There are potentially fatal problems with this approach, beginning with the absence of a common definition of “alternative investments,” a loosely defined group that may include any combination of infrastructure, private equity, hedge funds, venture capital, managed futures, art, and antiques commodities and derivative contracts. The list sometimes includes cryptocurrencies and related instruments. One company offers a portfolio of “alternative investments comprised of collectibles and culture, Crypto and NFTs, fine artwork, music rights, specialty real estate, wine and whiskey, and high-end sneakers.”

However, this lack of a standard definition allows analysts to manipulate performance data to yield any desired result, which makes comparisons between different alternative portfolios suspect. Furthermore, several of these alternatives are illiquid and too small to absorb the massive flow of money that could come from institutional investors. There is a limit to the amount of money that the vintage sneakers market can absorb. Finally, access to the best-performing alternative firms is severely limited or impossible for new investors.

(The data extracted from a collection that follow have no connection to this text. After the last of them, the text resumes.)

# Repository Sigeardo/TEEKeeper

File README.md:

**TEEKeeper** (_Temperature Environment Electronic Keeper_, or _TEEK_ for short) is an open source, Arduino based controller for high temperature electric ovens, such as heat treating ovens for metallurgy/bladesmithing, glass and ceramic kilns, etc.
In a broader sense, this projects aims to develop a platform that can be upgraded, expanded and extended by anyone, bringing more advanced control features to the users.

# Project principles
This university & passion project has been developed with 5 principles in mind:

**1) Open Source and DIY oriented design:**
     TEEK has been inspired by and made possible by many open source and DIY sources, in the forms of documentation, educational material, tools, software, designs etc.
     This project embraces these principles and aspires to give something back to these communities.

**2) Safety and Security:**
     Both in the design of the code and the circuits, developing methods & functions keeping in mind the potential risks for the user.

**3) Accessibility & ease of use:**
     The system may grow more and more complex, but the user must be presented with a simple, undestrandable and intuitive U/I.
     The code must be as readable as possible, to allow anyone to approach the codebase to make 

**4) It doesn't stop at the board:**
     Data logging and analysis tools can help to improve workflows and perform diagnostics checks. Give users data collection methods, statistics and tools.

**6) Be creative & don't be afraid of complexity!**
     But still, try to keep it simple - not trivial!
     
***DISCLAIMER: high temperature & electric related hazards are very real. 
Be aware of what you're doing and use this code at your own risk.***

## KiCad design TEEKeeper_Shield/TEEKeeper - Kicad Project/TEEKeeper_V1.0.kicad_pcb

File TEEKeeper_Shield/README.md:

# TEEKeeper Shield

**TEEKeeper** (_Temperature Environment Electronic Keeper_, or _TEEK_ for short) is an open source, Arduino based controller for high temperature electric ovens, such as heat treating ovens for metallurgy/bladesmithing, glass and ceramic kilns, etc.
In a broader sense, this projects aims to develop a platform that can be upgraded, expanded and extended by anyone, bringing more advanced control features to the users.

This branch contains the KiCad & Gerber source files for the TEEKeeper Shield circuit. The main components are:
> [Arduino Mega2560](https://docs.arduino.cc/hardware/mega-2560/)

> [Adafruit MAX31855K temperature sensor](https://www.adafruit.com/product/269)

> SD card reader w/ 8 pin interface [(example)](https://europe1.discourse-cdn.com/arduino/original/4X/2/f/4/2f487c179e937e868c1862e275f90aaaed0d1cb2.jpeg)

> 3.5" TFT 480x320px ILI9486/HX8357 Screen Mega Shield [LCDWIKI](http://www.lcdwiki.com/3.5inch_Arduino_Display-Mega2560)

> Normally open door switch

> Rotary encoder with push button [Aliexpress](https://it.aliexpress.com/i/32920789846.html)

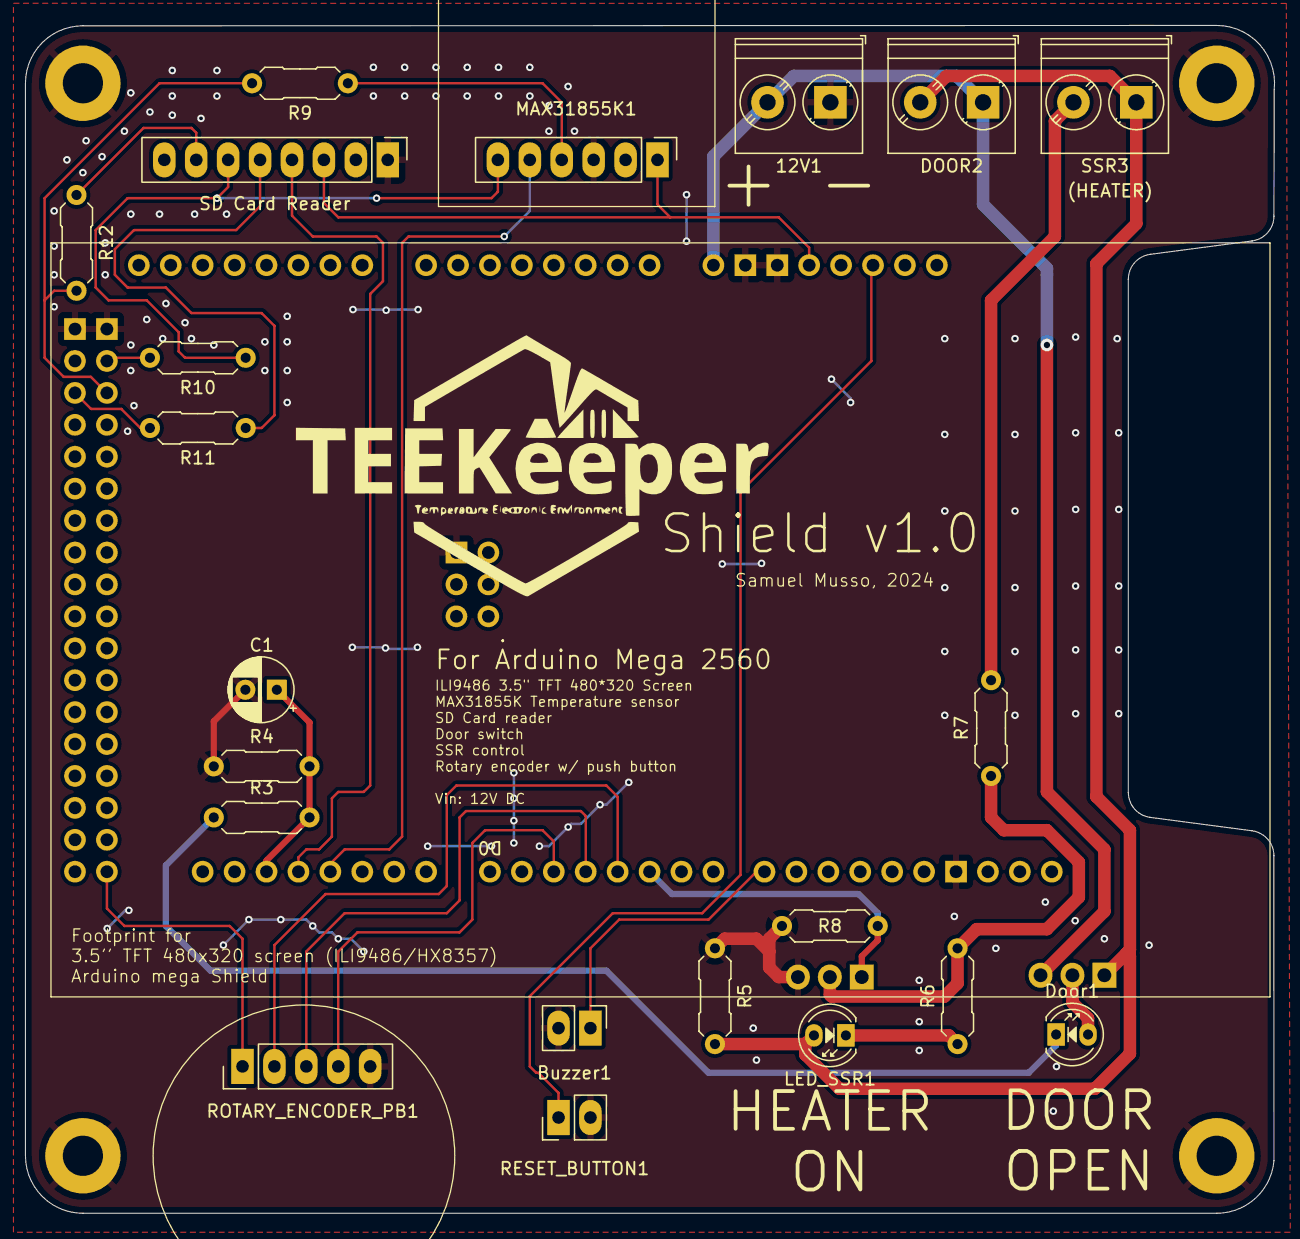
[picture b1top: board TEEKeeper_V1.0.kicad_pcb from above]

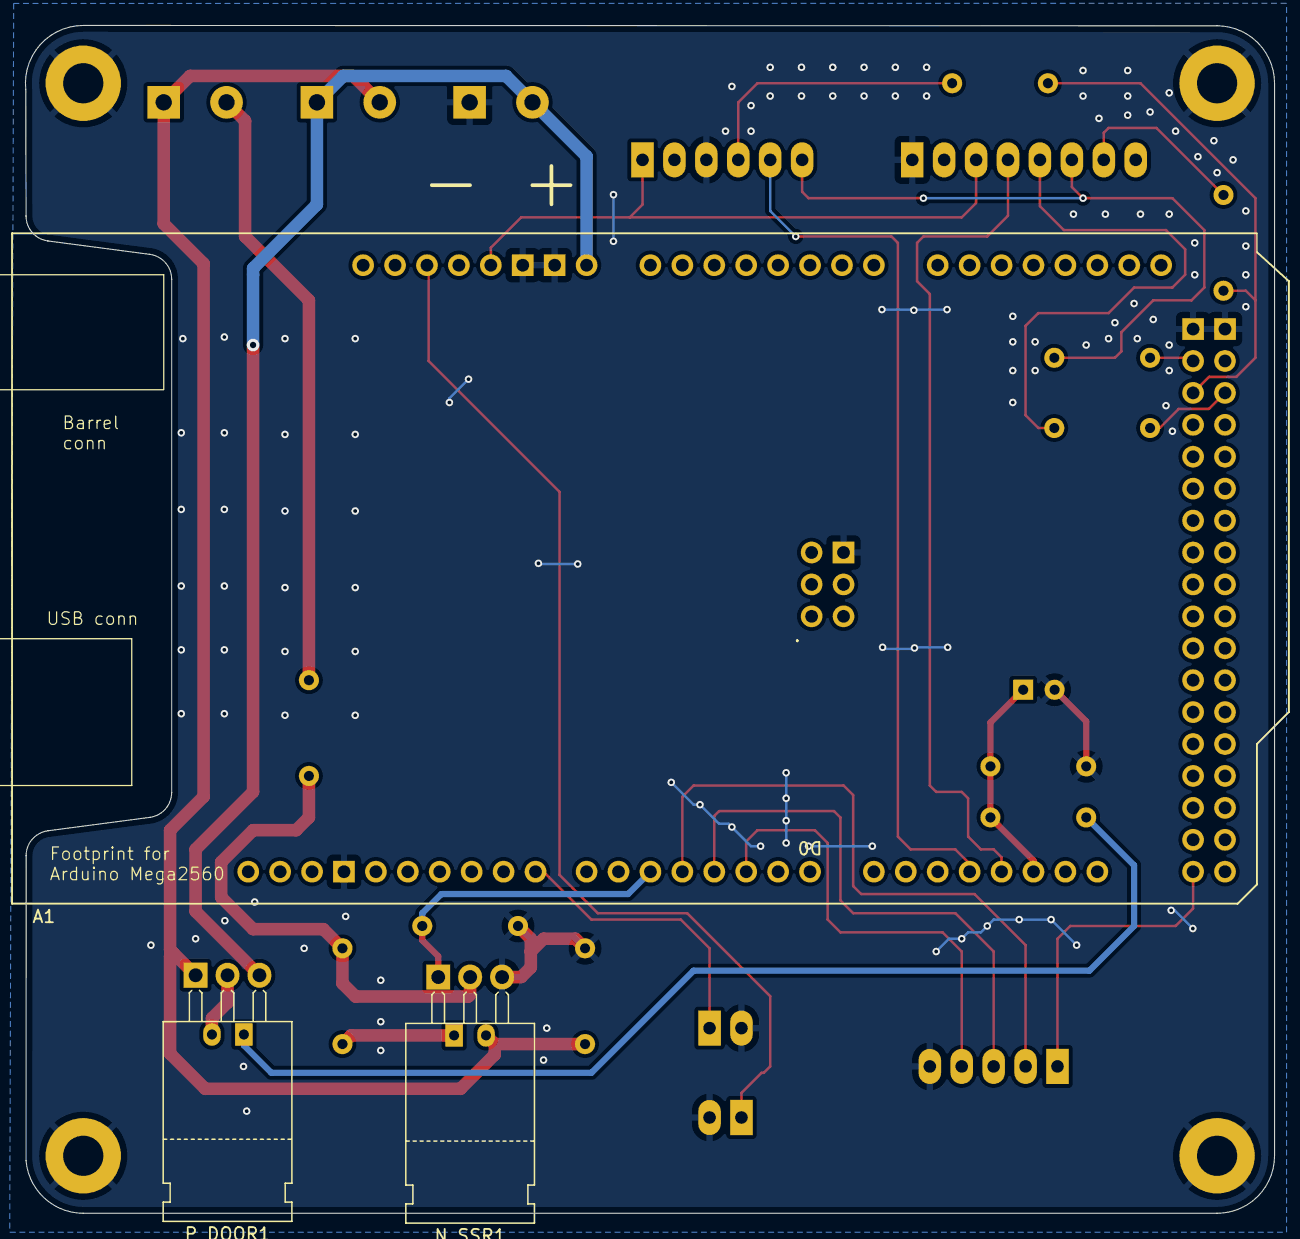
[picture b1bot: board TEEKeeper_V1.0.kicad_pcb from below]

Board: 2 copper layers, 99.4 x 94.5 mm, 28 parts (2 on the bottom side), 25 nets.

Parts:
12V1: Screw_Terminal_2_P5.00mm; TerminalBlock_Phoenix_PT-1,5-2-5.0-H_1x02_P5.00mm_Horizontal
A1: Arduino_Mega2560_R3_Shield
Buzzer1: Buzzer_5V; PinHeader_1x02_P2.54mm_Vertical
C1: 22n; CP_Radial_D5.0mm_P2.50mm
DOOR2: Screw_Terminal_2_P5.00mm; TerminalBlock_Phoenix_PT-1,5-2-5.0-H_1x02_P5.00mm_Horizontal
Door1: LED; LED_D4.0mm
H1, H2, H3, H4: MountingHole_M3_3.2mm_Pad; MountingHole_3.2mm_Pad
LED_SSR1: LED; LED_D4.0mm
MAX31855K1: PINHD_1x6_Female; PinSocket_1x06_P2.54mm_Vertical
N_SSR1: IRFZ44; TO-220-3_Horizontal_TabUp
P_DOOR1: IRF4905; TO-220-3_Horizontal_TabUp
R3, R6: 5k; R_Axial_DIN0207_L6.3mm_D2.5mm_P7.62mm_Horizontal
R4: 3.3k; R_Axial_DIN0207_L6.3mm_D2.5mm_P7.62mm_Horizontal
R5: 100k; R_Axial_DIN0207_L6.3mm_D2.5mm_P7.62mm_Horizontal
R7: 100; R_Axial_DIN0207_L6.3mm_D2.5mm_P7.62mm_Horizontal
R8: 10k; R_Axial_DIN0207_L6.3mm_D2.5mm_P7.62mm_Horizontal
R9, R10, R11, R12: 10; R_Axial_DIN0207_L6.3mm_D2.5mm_P7.62mm_Horizontal
RESET_BUTTON1: PINHD_1x2_Female; PinHeader_1x02_P2.54mm_Vertical
ROTARY_ENCODER_PB1: PINHD_1x5_Female; PinHeader_1x05_P2.54mm_Vertical
SD_CARD1: PINHD_1x8_Female; PinSocket_1x08_P2.54mm_Vertical
SSR3: Screw_Terminal_2_P5.00mm; TerminalBlock_Phoenix_PT-1,5-2-5.0-H_1x02_P5.00mm_Horizontal

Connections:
5V: A1.5V1 (5V), A1.5V3 (5V), MAX31855K1.1, ROTARY_ENCODER_PB1.1, SD_CARD1.3
/System_Shield/Analog_PCB/DOOR_SENS: A1.D19 (D19/RX1), C1.1, R3.2, R4.2
/System_Shield/Analog_PCB/HEATER_CT: A1.D5, N_SSR1.1 (G), R8.2
/System_Shield/Analog_PCB/VIN: 12V1.2, A1.VIN, DOOR2.1, P_DOOR1.3 (S)
/System_Shield/Digital_PCB/BUZ: A1.D8, Buzzer1.1
/System_Shield/Digital_PCB/CLK: MAX31855K1.6, R10.1, SD_CARD1.6
/System_Shield/Digital_PCB/CS_PROBE: A1.D17 (D17/RX2), MAX31855K1.5
/System_Shield/Digital_PCB/CS_SD: A1.D18 (D18/TX1), SD_CARD1.4
/System_Shield/Digital_PCB/D2_INTRR: A1.D2 (D2_INT0), ROTARY_ENCODER_PB1.4
/System_Shield/Digital_PCB/D3_INTRR: A1.D3 (D3_INT1), ROTARY_ENCODER_PB1.3
/System_Shield/Digital_PCB/D4: A1.D4, ROTARY_ENCODER_PB1.2
/System_Shield/Digital_PCB/MISO: A1.D50 (D50_MISO), R9.2, R12.2
/System_Shield/Digital_PCB/MOSI: R11.1, SD_CARD1.5
/System_Shield/Digital_PCB/RESET: A1.RST1 (RESET), RESET_BUTTON1.1
GND: 12V1.1, A1.GND1 (GND), A1.GND2 (GND), A1.GND3 (GND), A1.GND4 (SPI_GND), A1.GND5 (GND), A1.GND6 (GND), Buzzer1.2, C1.2, H1.1, H2.1, H3.1, H4.1, MAX31855K1.3, N_SSR1.3 (S), R4.1, R5.1, R8.1, RESET_BUTTON1.2, ROTARY_ENCODER_PB1.5, SD_CARD1.1
unnamed: A1.D51 (D51_MOSI), R11.2
unnamed: A1.D52 (D52_SCK), R10.2
unnamed: Door1.1, R3.1
unnamed: LED_SSR1.1, R6.1
unnamed: MAX31855K1.4, R9.1
unnamed: N_SSR1.2 (D), R6.2, R7.1
unnamed: Door1.2, P_DOOR1.2 (D)
unnamed: DOOR2.2, LED_SSR1.2, P_DOOR1.1 (G), R5.2, SSR3.1
unnamed: R7.2, SSR3.2
unnamed: R12.1, SD_CARD1.7

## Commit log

2024-12-06 Added Kicad project files
2024-12-06 Uploaded Gerber files
2024-12-06 Added Kicad and Gerber files
2024-12-06 Added readme
2024-12-06 Updated code directory
2024-12-06 Delete TEEKeeper_Alpha/src/experimental directory
    Directory was not meant to be added
2024-12-18 Create LICENSE
2024-12-19 Resolved minor issues
    Fixed broken / bad designed reference connections, fixed pcb courtyard and edges, general cleanup
2024-12-19 Minor footprint fixes
    Changed LED footprints for better accomodate the devices I've been using.
    Fixed some edge cuts issues and refilled zones.
2024-12-22 Fixed minor issues
2024-12-28 Minor adjustments
2024-12-28 Minor changes
2025-01-03 Added connector cutouts
    Added cutouts for the Arduino Mega barrel and USB-A connector.
    Rerouted connections accordingly.
    Added more vias to GND plane along SPI lines and other parallel strips.
    Added clearance for some components.
2025-01-03 Updated gerber files
2025-01-04 Updated code to fit the new shield design
2025-01-04 Folder renamed
2025-01-04 Rename README.md to README.md
2025-01-04 Renamed firmware folder
2025-01-05 updated schematics
2025-01-06 Solved spi hanging issue
2025-01-06 Cleared leftover bits of useless code from debugging
2025-01-07 Updated the ReadTemperature() method to handle critical errors
2025-01-08 fixed Critical Error Screen displaying
2025-01-09 Reworked Arduino Mega clearance
    Due to some clones having their USB and barrel connector placed in slightly different locations, added a big cutout and rerouted tracks accordingly
    uniformed 12V copper lines width
2025-01-23 re-added probe debug mock function
2026-05-26 Restructure: rename firmware and hardware top-level folders
2026-05-26 restructured and corrected bugs
2026-05-26 Ironed out more bugs

This is not to say that alternative investments do not have a positive role in investment portfolios. However, investors often use the term as if its meaning is self-evident when it is anything but that.

Of course, it may be wise to consider the possibility that we are entering a period of lower returns and that there is a limit to what we can do without taking on greater risk and/or increased illiquidity. We have had a good run with the 60/40 portfolio but, like other aspects of life, things tend to revert to the mean.